:: Task requirements ::
As you look over the data below, please find each line where the word "units" appears, then copy it.
--- Exercise inputs ---
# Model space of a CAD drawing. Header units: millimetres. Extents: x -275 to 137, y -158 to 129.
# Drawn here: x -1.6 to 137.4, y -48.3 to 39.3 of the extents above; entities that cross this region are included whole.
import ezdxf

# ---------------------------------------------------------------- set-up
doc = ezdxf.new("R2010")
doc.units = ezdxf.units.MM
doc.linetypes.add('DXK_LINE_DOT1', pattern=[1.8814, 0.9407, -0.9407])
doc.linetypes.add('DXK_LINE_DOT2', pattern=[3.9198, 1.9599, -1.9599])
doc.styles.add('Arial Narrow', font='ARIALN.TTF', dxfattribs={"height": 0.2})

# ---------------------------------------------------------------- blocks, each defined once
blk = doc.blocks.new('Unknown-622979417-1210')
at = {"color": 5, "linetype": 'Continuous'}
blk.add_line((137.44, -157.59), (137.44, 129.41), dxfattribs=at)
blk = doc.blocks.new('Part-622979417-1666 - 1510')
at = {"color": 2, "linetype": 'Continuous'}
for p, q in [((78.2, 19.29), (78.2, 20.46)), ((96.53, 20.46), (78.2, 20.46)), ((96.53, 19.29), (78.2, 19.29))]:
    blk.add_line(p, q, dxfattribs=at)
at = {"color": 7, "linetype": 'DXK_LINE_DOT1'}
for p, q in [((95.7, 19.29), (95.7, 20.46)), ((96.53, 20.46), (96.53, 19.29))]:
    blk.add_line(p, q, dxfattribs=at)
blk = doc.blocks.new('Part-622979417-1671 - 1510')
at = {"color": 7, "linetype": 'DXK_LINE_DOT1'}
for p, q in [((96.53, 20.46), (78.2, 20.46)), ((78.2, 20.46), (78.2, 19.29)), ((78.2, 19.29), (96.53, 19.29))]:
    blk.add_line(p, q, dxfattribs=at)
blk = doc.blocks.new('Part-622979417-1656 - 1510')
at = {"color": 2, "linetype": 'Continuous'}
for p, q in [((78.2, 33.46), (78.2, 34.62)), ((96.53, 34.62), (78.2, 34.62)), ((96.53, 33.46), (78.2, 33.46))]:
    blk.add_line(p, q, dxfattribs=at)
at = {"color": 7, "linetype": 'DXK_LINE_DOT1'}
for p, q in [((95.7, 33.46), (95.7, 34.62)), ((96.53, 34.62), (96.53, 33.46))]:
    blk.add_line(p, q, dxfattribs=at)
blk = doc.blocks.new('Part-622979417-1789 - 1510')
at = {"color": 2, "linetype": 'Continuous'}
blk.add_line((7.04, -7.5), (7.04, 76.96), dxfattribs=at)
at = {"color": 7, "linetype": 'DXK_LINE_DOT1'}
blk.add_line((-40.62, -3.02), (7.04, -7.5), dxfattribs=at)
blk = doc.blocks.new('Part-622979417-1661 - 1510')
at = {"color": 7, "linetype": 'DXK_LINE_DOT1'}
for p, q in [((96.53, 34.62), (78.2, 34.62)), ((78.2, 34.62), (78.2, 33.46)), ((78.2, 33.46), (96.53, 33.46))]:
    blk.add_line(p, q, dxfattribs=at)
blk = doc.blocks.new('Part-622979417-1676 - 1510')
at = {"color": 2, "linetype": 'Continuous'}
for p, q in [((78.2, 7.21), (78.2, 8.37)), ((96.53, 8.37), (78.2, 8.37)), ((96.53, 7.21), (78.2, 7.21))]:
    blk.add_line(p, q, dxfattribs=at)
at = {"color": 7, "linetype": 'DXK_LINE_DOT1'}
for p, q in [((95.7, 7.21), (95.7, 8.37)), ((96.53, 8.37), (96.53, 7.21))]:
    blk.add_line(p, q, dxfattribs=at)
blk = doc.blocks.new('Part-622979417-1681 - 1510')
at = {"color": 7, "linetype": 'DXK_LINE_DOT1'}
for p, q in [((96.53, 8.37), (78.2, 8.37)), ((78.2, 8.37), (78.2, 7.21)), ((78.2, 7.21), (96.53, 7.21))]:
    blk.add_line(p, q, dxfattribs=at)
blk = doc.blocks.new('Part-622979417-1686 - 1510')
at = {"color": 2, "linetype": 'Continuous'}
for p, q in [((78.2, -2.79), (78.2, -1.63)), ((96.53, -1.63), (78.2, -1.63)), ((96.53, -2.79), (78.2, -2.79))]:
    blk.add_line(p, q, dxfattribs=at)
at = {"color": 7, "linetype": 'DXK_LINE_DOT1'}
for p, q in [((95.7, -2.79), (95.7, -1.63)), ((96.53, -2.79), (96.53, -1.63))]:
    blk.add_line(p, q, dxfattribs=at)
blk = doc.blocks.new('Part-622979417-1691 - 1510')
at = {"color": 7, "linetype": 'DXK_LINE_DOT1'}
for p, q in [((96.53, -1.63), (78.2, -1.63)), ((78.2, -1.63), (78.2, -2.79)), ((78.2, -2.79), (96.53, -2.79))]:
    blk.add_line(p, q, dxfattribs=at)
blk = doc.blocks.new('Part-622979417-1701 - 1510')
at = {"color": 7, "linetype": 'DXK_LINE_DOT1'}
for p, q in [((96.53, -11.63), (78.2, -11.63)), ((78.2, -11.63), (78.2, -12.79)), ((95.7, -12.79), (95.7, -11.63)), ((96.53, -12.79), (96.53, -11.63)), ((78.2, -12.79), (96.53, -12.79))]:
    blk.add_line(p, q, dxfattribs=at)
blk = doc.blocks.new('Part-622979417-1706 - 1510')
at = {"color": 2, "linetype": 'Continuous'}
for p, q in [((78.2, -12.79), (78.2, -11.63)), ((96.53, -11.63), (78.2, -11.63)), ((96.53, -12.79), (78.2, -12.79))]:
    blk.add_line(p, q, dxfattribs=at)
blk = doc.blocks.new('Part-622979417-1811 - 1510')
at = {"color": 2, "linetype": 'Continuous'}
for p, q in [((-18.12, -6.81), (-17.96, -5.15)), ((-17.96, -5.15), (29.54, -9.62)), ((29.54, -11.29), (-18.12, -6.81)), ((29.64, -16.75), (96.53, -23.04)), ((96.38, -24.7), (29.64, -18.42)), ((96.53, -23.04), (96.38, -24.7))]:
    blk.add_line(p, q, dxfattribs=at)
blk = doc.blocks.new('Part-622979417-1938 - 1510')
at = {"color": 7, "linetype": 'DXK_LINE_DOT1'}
---
:: Response ::
# Model space of a CAD drawing. Header units: millimetres. Extents: x -275 to 137, y -158 to 129.
doc.units = ezdxf.units.MM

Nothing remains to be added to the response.